Dev laughed. “Don’t put that in the article,” he said. “You’ll give my staff ideas. But we’ll go in, have a walk around.” He got up.
Delia stood up in considerable bemusement: a guided tour through Omnitopia itself, rather than just its corporate bricks- and-mortar, was something that had never occurred to her might happen. “What’s your preference?” Dev said. “Do you like fully virtual options—the complete sensory immersion experience? Or would you rather keep your distance and get in via keyboard or flat input?”
“Well—” Delia said. “You must have a lot of really nice virtual around here—”
From off to one side, a soft chiming sound began. Dev glanced over at his desk: Delia followed the glance and saw that the dark glass was pulsing with soft blue light. “Oh, no,” Dev said, “I told them to hold my calls—”
He went over to the desk, touched its surface. “Yes?”
Delia couldn’t hear anything happening at the other end of the communication.
Bone conduction?
she wondered.
Or something weirder?
There was no way to tell.
She watched Dev’s expression. It was neutral for a moment, then crinkled down into an annoyed scowl. “Well,” he said, “I guess there’s nothing we can do about that, is there. Okay, what’s his timetable look like?”
Another pause. “All right,” Dev said, “let’s do it that way. I’ll call you back shortly. Right. Thanks.”
He straightened up and sighed, then turned back to Delia. “I’m really sorry about this,” Dev said, “but I’ve had something come up that requires my attention, and the spare time I thought I had has just evaporated. The story of my life for the next couple of days.” He let out an annoyed sigh. “Would you mind if we reschedule this walkabout? Tomorrow, let’s say. I’ll see that we get it done next time.”
“Of course,” Delia said. Then she added, “You’re supposed to do that every day, aren’t you? Visit one Macrocosm or another.”
Dev nodded. “My universe,” he said. “Or universes. I’d be remiss if I didn’t keep an eye on things.”
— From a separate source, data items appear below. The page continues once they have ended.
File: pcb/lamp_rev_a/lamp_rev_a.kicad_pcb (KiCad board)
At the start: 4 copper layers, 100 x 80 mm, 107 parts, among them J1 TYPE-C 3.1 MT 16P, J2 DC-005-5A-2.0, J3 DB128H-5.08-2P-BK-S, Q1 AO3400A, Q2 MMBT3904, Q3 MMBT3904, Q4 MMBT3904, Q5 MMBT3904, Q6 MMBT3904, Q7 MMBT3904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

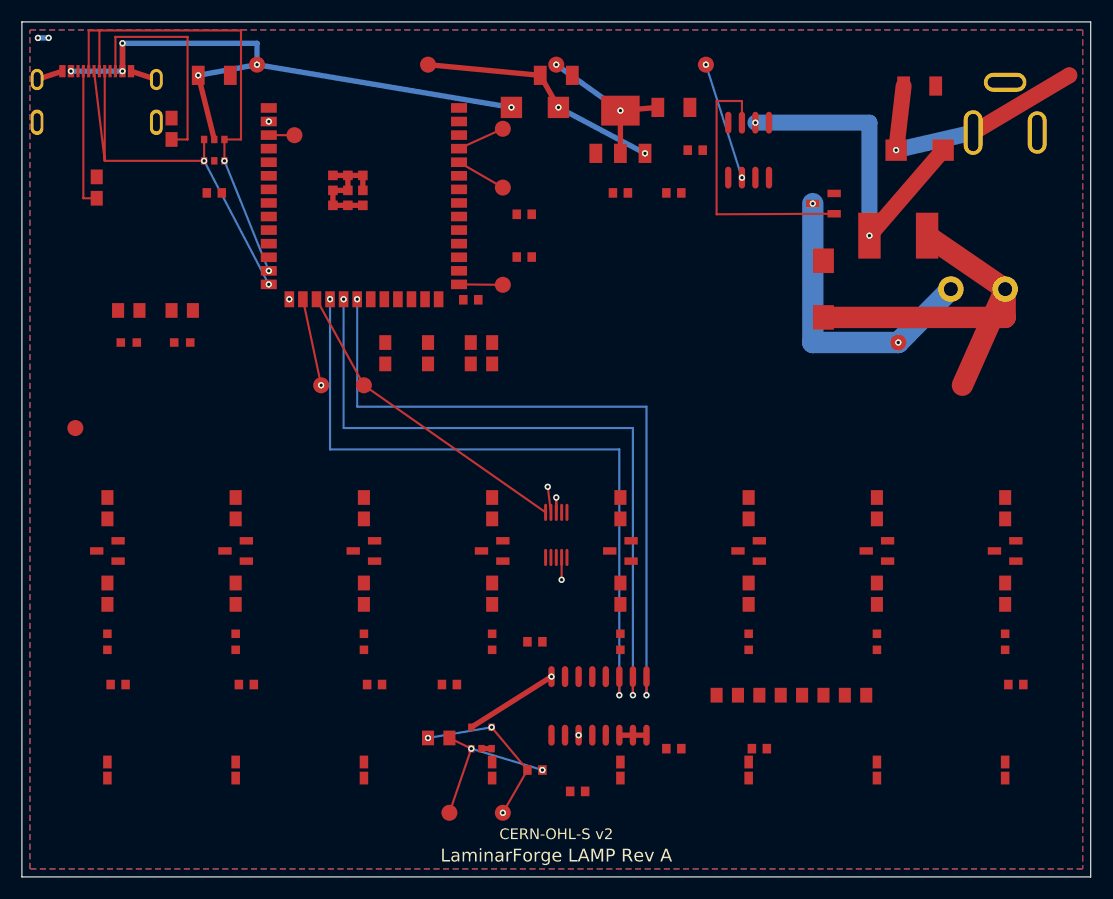
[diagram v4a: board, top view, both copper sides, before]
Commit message: Add LAMP Rev A assembly fixture readability gate
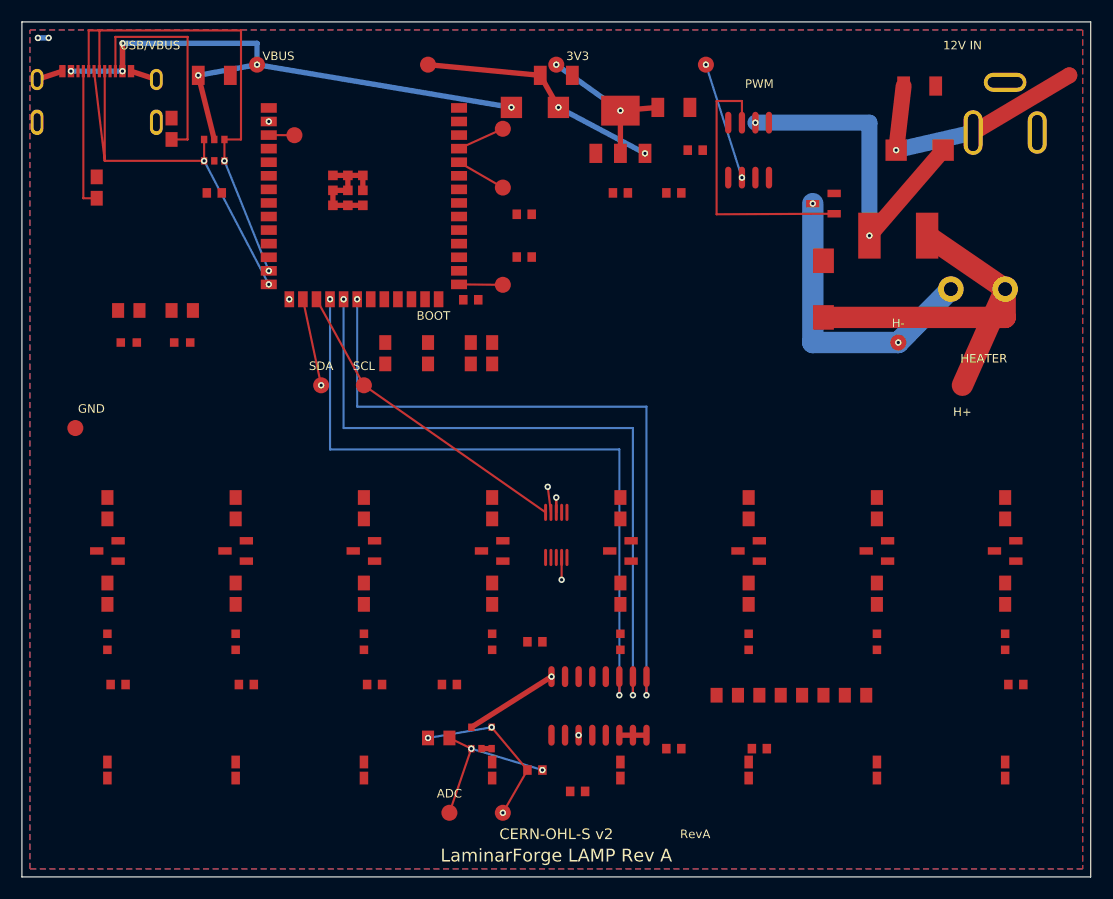
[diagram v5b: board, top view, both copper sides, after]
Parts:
- removed the C21 at (93.0, 62.0)
- removed the Q1 at (75.0, 17.0)
- removed the U2 at (18.0, 12.0)
- added D1: SS34, lcsc:SMA_L4.3-W2.6-LS5.2-RD, F.Cu at (48.0, 8.00)
- added D13: SS34, lcsc:SMA_L4.3-W2.6-LS5.2-RD, F.Cu at (84.0, 12.0)
- added J3: DB128H-5.08-2P-BK-S, lcsc:TERM-BLOCK-5.08-2P, F.Cu at (92.0, 25.0)
- C21: renamed from D13; value SS34 -> 100nF; footprint lcsc:SMA_L4.3-W2.6-LS5.2-RD -> lcsc:C0603
- Q1: renamed from J3; value DB128H-5.08-2P-BK-S -> AO3400A; footprint lcsc:TERM-BLOCK-5.08-2P -> lcsc:SOT-23-3_L2.9-W1.3-P1.90-LS2.4-BR
- U2: renamed from D1; value SS34 -> USBLC6-2SC6; footprint lcsc:SMA_L4.3-W2.6-LS5.2-RD -> lcsc:SOT-23-6
- moved C21 50.8 mm to (93.0, 62.0)
- moved U2 30.3 mm to (18.0, 12.0)
- moved Q1 18.8 mm to (75.0, 17.0), turned to 0 degrees
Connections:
- C21 pad 1: +12V_RAW -> (no net)
- C21 pad 2: +12V -> (no net)
- Q1 pad 1: HEATER_SUPPLY -> GATE_DRV
- Q1 pad 2: HEATER_P -> GND
- U2 pad 1: VBUS -> USB_DP
- U2 pad 2: +5V -> GND
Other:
- board text added: "12V IN"
- board text added: "3V3"
- board text added: "ADC"
- board text added: "BOOT"
- board text added: "GND"
- board text added: "H+"
- board text added: "H-"
- board text added: "HEATER"
- board text added: "PWM"
- board text added: "RevA"
- board text added: "SCL"
- board text added: "SDA"
- board text added: "USB/VBUS"
- board text added: "VBUS"
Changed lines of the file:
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@@
     (effects (font (size 1 1) (thickness 0.1)))
+  )
+  (gr_text "USB/VBUS"
+    (at 12 2.200 0)
+    (layer "F.SilkS")
+    (effects (font (size 0.800 0.800) (thickness 0.1)))
+  )
+  (gr_text "12V IN"
+    (at 88 2.200 0)
+    (layer "F.SilkS")
+    (effects (font (size 0.800 0.800) (thickness 0.1)))
+  )
+  (gr_text "HEATER"
+    (at 90 31.500 0)
+    (layer "F.SilkS")
+    (effects (font (size 0.800 0.800) (thickness 0.1)))
+  )
+  (gr_text "VBUS"
+    (at 24 3.200 0)
+    (layer "F.SilkS")
+    (effects (font (size 0.800 0.800) (thickness 0.1)))
+  )
+  (gr_text "3V3"
+    (at 52 3.200 0)
+    (layer "F.SilkS")
+    (effects (font (size 0.800 0.800) (thickness 0.1)))
+  )
+  (gr_text "H+"
+    (at 88 36.500 0)
+    (layer "F.SilkS")
+    (effects (font (size 0.800 0.800) (thickness 0.1)))
+  )
+  (gr_text "H-"
+    (at 82 28.200 0)
+    (layer "F.SilkS")
+    (effects (font (size 0.800 0.800) (thickness 0.1)))
+  )
+  (gr_text "PWM"
+    (at 69 5.800 0)
+    (layer "F.SilkS")
+    (effects (font (size 0.800 0.800) (thickness 0.1)))
+  )
+  (gr_text "BOOT"
+    (at 38.500 27.500 0)
+    (layer "F.SilkS")
+    (effects (font (size 0.800 0.800) (thickness 0.1)))
+  )
+  (gr_text "ADC"
+    (at 40 72.200 0)
+    (layer "F.SilkS")
+    (effects (font (size 0.800 0.800) (thickness 0.1)))
+  )
+  (gr_text "SDA"
+    (at 28 32.200 0)
+    (layer "F.SilkS")
+    (effects (font (size 0.800 0.800) (thickness 0.1)))
+  )
+  (gr_text "SCL"
+    (at 32 32.200 0)
+    (layer "F.SilkS")
+    (effects (font (size 0.800 0.800) (thickness 0.1)))
+  )
+  (gr_text "GND"
+    (at 6.500 36.200 0)
+    (layer "F.SilkS")
+    (effects (font (size 0.800 0.800) (thickness 0.1)))
+  )
+  (gr_text "RevA"
+    (at 63 76 0)
+    (layer "F.SilkS")
+    (effects (font (size 0.800 0.800) (thickness 0.1)))
   )
   (gr_rect

“I didn’t mean just in the supervisory or workability sense,” Delia said, as they started to walk out toward the atrium again. “There are all these stories in the newsfeeds . . . rumors about how Dev Himself walks through his creation in disguise, rewarding the good and punishing the wicked.”
“Mostly the wicked wind up punishing themselves,” Dev said. “They know our game has a positively skewed ethics structure . . .”
Delia chuckled. “Another of those great pieces of gamespeak,” she said. “Like ‘negative satisfaction.’ ”
Dev shrugged. “That’s one piece of language we need. At the end of the day, it’s all about player satisfaction. Everybody has to win . . . or lose in some way that makes sense to them. They don’t win, I don’t win . . . or, more to the point, my staff don’t win.”
“It’s interesting to hear you put it that way,” Delia said, “since one of the complaints from some of your players is that winning, as such, is impossible. That all they can do is keep playing, and paying you for the privilege of allowing them to play their butts off for little statistically managed minimum feedback rewards, because the game doesn’t have any real planned ending.” She smiled. “Because if it did, you’d stop making money.”